**Task brief**.
Only the lines below, from the one with "#17=DIRECTION('',(1.,0.,0.));" through the one with "#23=PLANE('',#22);", are to be written out, exactly.

=== Begin Enclosure ===

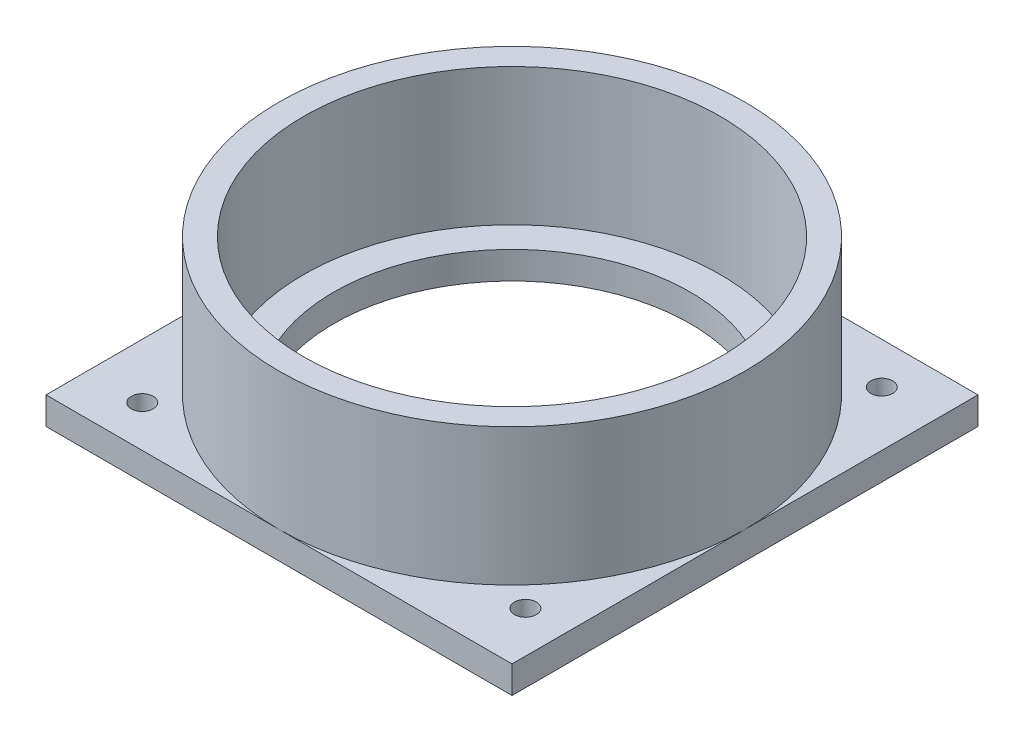
ISO-10303-21;
HEADER;
FILE_DESCRIPTION(('STEP AP214'),'2;1');
FILE_NAME('part.step','',(''),(''),'','','');
FILE_SCHEMA(('AUTOMOTIVE_DESIGN { 1 0 10303 214 1 1 1 1 }'));
ENDSEC;
DATA;
#1=APPLICATION_CONTEXT('core data for automotive mechanical design processes');
#2=APPLICATION_PROTOCOL_DEFINITION('international standard','automotive_design',2000,#1);
#3=PRODUCT_CONTEXT('',#1,'mechanical');
#4=PRODUCT('Part','Part','',(#3));
#5=PRODUCT_RELATED_PRODUCT_CATEGORY('part','',(#4));
#6=PRODUCT_DEFINITION_FORMATION('','',#4);
#7=PRODUCT_DEFINITION_CONTEXT('part definition',#1,'design');
#8=PRODUCT_DEFINITION('design','',#6,#7);
#9=PRODUCT_DEFINITION_SHAPE('','',#8);
#10=(LENGTH_UNIT() NAMED_UNIT(*) SI_UNIT(.MILLI.,.METRE.));
#11=(NAMED_UNIT(*) PLANE_ANGLE_UNIT() SI_UNIT($,.RADIAN.));
#12=(NAMED_UNIT(*) SI_UNIT($,.STERADIAN.) SOLID_ANGLE_UNIT());
#13=UNCERTAINTY_MEASURE_WITH_UNIT(LENGTH_MEASURE(1.E-05),#10,'distance_accuracy_value','');
#14=(GEOMETRIC_REPRESENTATION_CONTEXT(3) GLOBAL_UNCERTAINTY_ASSIGNED_CONTEXT((#13)) GLOBAL_UNIT_ASSIGNED_CONTEXT((#10,
#11,#12)) REPRESENTATION_CONTEXT('',''));
#15=CARTESIAN_POINT('',(0.,0.,0.));
#16=DIRECTION('',(0.,0.,1.));
#17=DIRECTION('',(1.,0.,0.));
#18=AXIS2_PLACEMENT_3D('',#15,#16,#17);
#19=CARTESIAN_POINT('',(0.,5.,0.));
#20=DIRECTION('',(0.,1.,0.));
#21=DIRECTION('',(0.,0.,1.));
#22=AXIS2_PLACEMENT_3D('',#19,#20,#21);
#23=PLANE('',#22);
#24=CARTESIAN_POINT('',(34.9430639376307,5.,32.5000000000003));
#25=DIRECTION('',(0.,1.,0.));
#26=DIRECTION('',(0.,0.,1.));
#27=AXIS2_PLACEMENT_3D('',#24,#25,#26);
#28=CIRCLE('',#27,2.00000000000173);
#29=CARTESIAN_POINT('',(34.9430639376307,5.,34.500000000002));
#30=VERTEX_POINT('',#29);
#31=EDGE_CURVE('E167',#30,#30,#28,.T.);
#32=ORIENTED_EDGE('',*,*,#31,.F.);
#33=EDGE_LOOP('',(#32));
#34=FACE_BOUND('',#33,.T.);
#35=CARTESIAN_POINT('',(0.,5.,0.));
#36=DIRECTION('',(0.,1.,0.));
#37=DIRECTION('',(0.,0.,1.));
#38=AXIS2_PLACEMENT_3D('',#35,#36,#37);
#39=CIRCLE('',#38,42.5);
#40=CARTESIAN_POINT('',(0.,5.,42.5));
#41=VERTEX_POINT('',#40);
#42=CARTESIAN_POINT('',(42.5,5.,0.));
#43=VERTEX_POINT('',#42);
#44=EDGE_CURVE('E44',#41,#43,#39,.T.);
#45=ORIENTED_EDGE('',*,*,#44,.F.);
#46=DIRECTION('',(1.,0.,0.));
#47=VECTOR('',#46,1.);
#48=CARTESIAN_POINT('',(-42.5,5.,42.5));
#49=LINE('',#48,#47);
#50=CARTESIAN_POINT('',(42.5,5.,42.5));
#51=VERTEX_POINT('',#50);
#52=EDGE_CURVE('E95',#41,#51,#49,.T.);
#53=ORIENTED_EDGE('',*,*,#52,.T.);
#54=DIRECTION('',(0.,0.,-1.));
#55=VECTOR('',#54,1.);
#56=CARTESIAN_POINT('',(42.5,5.,-42.5));
#57=LINE('',#56,#55);
#58=EDGE_CURVE('E106',#51,#43,#57,.T.);
#59=ORIENTED_EDGE('',*,*,#58,.T.);
#60=EDGE_LOOP('',(#45,#53,#59));
#61=FACE_BOUND('',#60,.T.);
#62=ADVANCED_FACE('F33',(#34,#61),#23,.T.);
#63=CARTESIAN_POINT('',(32.5000000000022,5.,-34.9430639376308));
#64=DIRECTION('',(0.,1.,0.));
#65=DIRECTION('',(0.,0.,1.));
#66=AXIS2_PLACEMENT_3D('',#63,#64,#65);
#67=CIRCLE('',#66,2.00000000000105);
#68=CARTESIAN_POINT('',(32.5000000000022,5.,-32.9430639376298));
#69=VERTEX_POINT('',#68);
#70=EDGE_CURVE('E149',#69,#69,#67,.T.);
#71=ORIENTED_EDGE('',*,*,#70,.F.);
#72=EDGE_LOOP('',(#71));
#73=FACE_BOUND('',#72,.T.);
#74=CARTESIAN_POINT('',(0.,5.,-42.5));
#75=VERTEX_POINT('',#74);
#76=EDGE_CURVE('E11',#43,#75,#39,.T.);
#77=ORIENTED_EDGE('',*,*,#76,.F.);
#78=CARTESIAN_POINT('',(42.5,5.,-42.5));
#79=VERTEX_POINT('',#78);
#80=EDGE_CURVE('E127',#43,#79,#57,.T.);
#81=ORIENTED_EDGE('',*,*,#80,.T.);
#82=DIRECTION('',(-1.,0.,0.));
#83=VECTOR('',#82,1.);
#84=CARTESIAN_POINT('',(-42.5,5.,-42.5));
#85=LINE('',#84,#83);
#86=EDGE_CURVE('E128',#79,#75,#85,.T.);
#87=ORIENTED_EDGE('',*,*,#86,.T.);
#88=EDGE_LOOP('',(#77,#81,#87));
#89=FACE_BOUND('',#88,.T.);
#90=ADVANCED_FACE('F194',(#73,#89),#23,.T.);
#91=CARTESIAN_POINT('',(-34.9430639376289,5.,-32.5000000000023));
#92=DIRECTION('',(0.,1.,0.));
#93=DIRECTION('',(0.,0.,1.));
#94=AXIS2_PLACEMENT_3D('',#91,#92,#93);
#95=CIRCLE('',#94,1.99999999999906);
#96=CARTESIAN_POINT('',(-34.9430639376289,5.,-30.5000000000032));
#97=VERTEX_POINT('',#96);
#98=EDGE_CURVE('E168',#97,#97,#95,.T.);
#99=ORIENTED_EDGE('',*,*,#98,.F.);
#100=EDGE_LOOP('',(#99));
#101=FACE_BOUND('',#100,.T.);
#102=CARTESIAN_POINT('',(-42.5,5.,0.));
#103=VERTEX_POINT('',#102);
#104=EDGE_CURVE('E42',#75,#103,#39,.T.);
#105=ORIENTED_EDGE('',*,*,#104,.F.);
#106=CARTESIAN_POINT('',(-42.5,5.,-42.5));
#107=VERTEX_POINT('',#106);
#108=EDGE_CURVE('E126',#75,#107,#85,.T.);
#109=ORIENTED_EDGE('',*,*,#108,.T.);
#110=DIRECTION('',(0.,0.,1.));
#111=VECTOR('',#110,1.);
#112=CARTESIAN_POINT('',(-42.5,5.,-42.5));
#113=LINE('',#112,#111);
#114=EDGE_CURVE('E104',#107,#103,#113,.T.);
#115=ORIENTED_EDGE('',*,*,#114,.T.);
#116=EDGE_LOOP('',(#105,#109,#115));
#117=FACE_BOUND('',#116,.T.);
#118=ADVANCED_FACE('F197',(#101,#117),#23,.T.);
#119=CARTESIAN_POINT('',(0.,5.,0.));
#120=DIRECTION('',(0.,1.,0.));
#121=DIRECTION('',(0.,0.,1.));
#122=AXIS2_PLACEMENT_3D('',#119,#120,#121);
#123=CIRCLE('',#122,32.5);
#124=CARTESIAN_POINT('',(0.,5.,32.5));
#125=VERTEX_POINT('',#124);
#126=EDGE_CURVE('E122',#125,#125,#123,.T.);
#127=ORIENTED_EDGE('',*,*,#126,.F.);
#128=EDGE_LOOP('',(#127));
#129=FACE_BOUND('',#128,.T.);
#130=CARTESIAN_POINT('',(0.,5.,0.));
#131=DIRECTION('',(0.,1.,0.));
#132=DIRECTION('',(0.,0.,1.));
#133=AXIS2_PLACEMENT_3D('',#130,#131,#132);
#134=CIRCLE('',#133,38.);
#135=CARTESIAN_POINT('',(0.,5.,38.));
#136=VERTEX_POINT('',#135);
#137=EDGE_CURVE('E156',#136,#136,#134,.T.);
#138=ORIENTED_EDGE('',*,*,#137,.T.);
#139=EDGE_LOOP('',(#138));
#140=FACE_BOUND('',#139,.T.);
#141=ADVANCED_FACE('F183',(#129,#140),#23,.T.);
#142=CARTESIAN_POINT('',(42.5,5.,-42.5));
#143=DIRECTION('',(-1.,0.,0.));
#144=DIRECTION('',(0.,0.,1.));
#145=AXIS2_PLACEMENT_3D('',#142,#143,#144);
#146=PLANE('',#145);
#147=DIRECTION('',(0.,0.,-1.));
#148=VECTOR('',#147,1.);
#149=CARTESIAN_POINT('',(42.5,0.,-42.5));
#150=LINE('',#149,#148);
#151=CARTESIAN_POINT('',(42.5,0.,42.5));
#152=VERTEX_POINT('',#151);
#153=CARTESIAN_POINT('',(42.5,0.,-42.5));
#154=VERTEX_POINT('',#153);
#155=EDGE_CURVE('E121',#152,#154,#150,.T.);
#156=ORIENTED_EDGE('',*,*,#155,.T.);
#157=DIRECTION('',(0.,-1.,0.));
#158=VECTOR('',#157,1.);
#159=CARTESIAN_POINT('',(42.5,5.,-42.5));
#160=LINE('',#159,#158);
#161=EDGE_CURVE('E111',#79,#154,#160,.T.);
#162=ORIENTED_EDGE('',*,*,#161,.F.);
#163=ORIENTED_EDGE('',*,*,#80,.F.);
#164=ORIENTED_EDGE('',*,*,#58,.F.);
#165=DIRECTION('',(0.,-1.,0.));
#166=VECTOR('',#165,1.);
#167=CARTESIAN_POINT('',(42.5,5.,42.5));
#168=LINE('',#167,#166);
#169=EDGE_CURVE('E94',#51,#152,#168,.T.);
#170=ORIENTED_EDGE('',*,*,#169,.T.);
#171=EDGE_LOOP('',(#156,#162,#163,#164,#170));
#172=FACE_BOUND('',#171,.T.);
#173=ADVANCED_FACE('F35',(#172),#146,.F.);
#174=CARTESIAN_POINT('',(-42.5,5.,-42.5));
#175=DIRECTION('',(0.,0.,1.));
#176=DIRECTION('',(1.,0.,0.));
#177=AXIS2_PLACEMENT_3D('',#174,#175,#176);
#178=PLANE('',#177);
#179=DIRECTION('',(-1.,0.,0.));
#180=VECTOR('',#179,1.);
#181=CARTESIAN_POINT('',(-42.5,0.,-42.5));
#182=LINE('',#181,#180);
#183=CARTESIAN_POINT('',(-42.5,0.,-42.5));
#184=VERTEX_POINT('',#183);
#185=EDGE_CURVE('E134',#154,#184,#182,.T.);
#186=ORIENTED_EDGE('',*,*,#185,.T.);
#187=DIRECTION('',(0.,-1.,0.));
#188=VECTOR('',#187,1.);
#189=CARTESIAN_POINT('',(-42.5,5.,-42.5));
#190=LINE('',#189,#188);
#191=EDGE_CURVE('E113',#107,#184,#190,.T.);
#192=ORIENTED_EDGE('',*,*,#191,.F.);
#193=ORIENTED_EDGE('',*,*,#108,.F.);
#194=ORIENTED_EDGE('',*,*,#86,.F.);
#195=ORIENTED_EDGE('',*,*,#161,.T.);
#196=EDGE_LOOP('',(#186,#192,#193,#194,#195));
#197=FACE_BOUND('',#196,.T.);
#198=ADVANCED_FACE('F203',(#197),#178,.F.);
#199=CARTESIAN_POINT('',(-42.5,5.,-42.5));
#200=DIRECTION('',(1.,0.,0.));
#201=DIRECTION('',(0.,0.,-1.));
#202=AXIS2_PLACEMENT_3D('',#199,#200,#201);
#203=PLANE('',#202);
#204=DIRECTION('',(0.,0.,1.));
#205=VECTOR('',#204,1.);
#206=CARTESIAN_POINT('',(-42.5,0.,-42.5));
#207=LINE('',#206,#205);
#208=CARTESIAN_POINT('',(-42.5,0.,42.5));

=== End Enclosure ===

**Written solution**.
#17=DIRECTION('',(1.,0.,0.));
#18=AXIS2_PLACEMENT_3D('',#15,#16,#17);
#19=CARTESIAN_POINT('',(0.,5.,0.));
#20=DIRECTION('',(0.,1.,0.));
#21=DIRECTION('',(0.,0.,1.));
#22=AXIS2_PLACEMENT_3D('',#19,#20,#21);
#23=PLANE('',#22);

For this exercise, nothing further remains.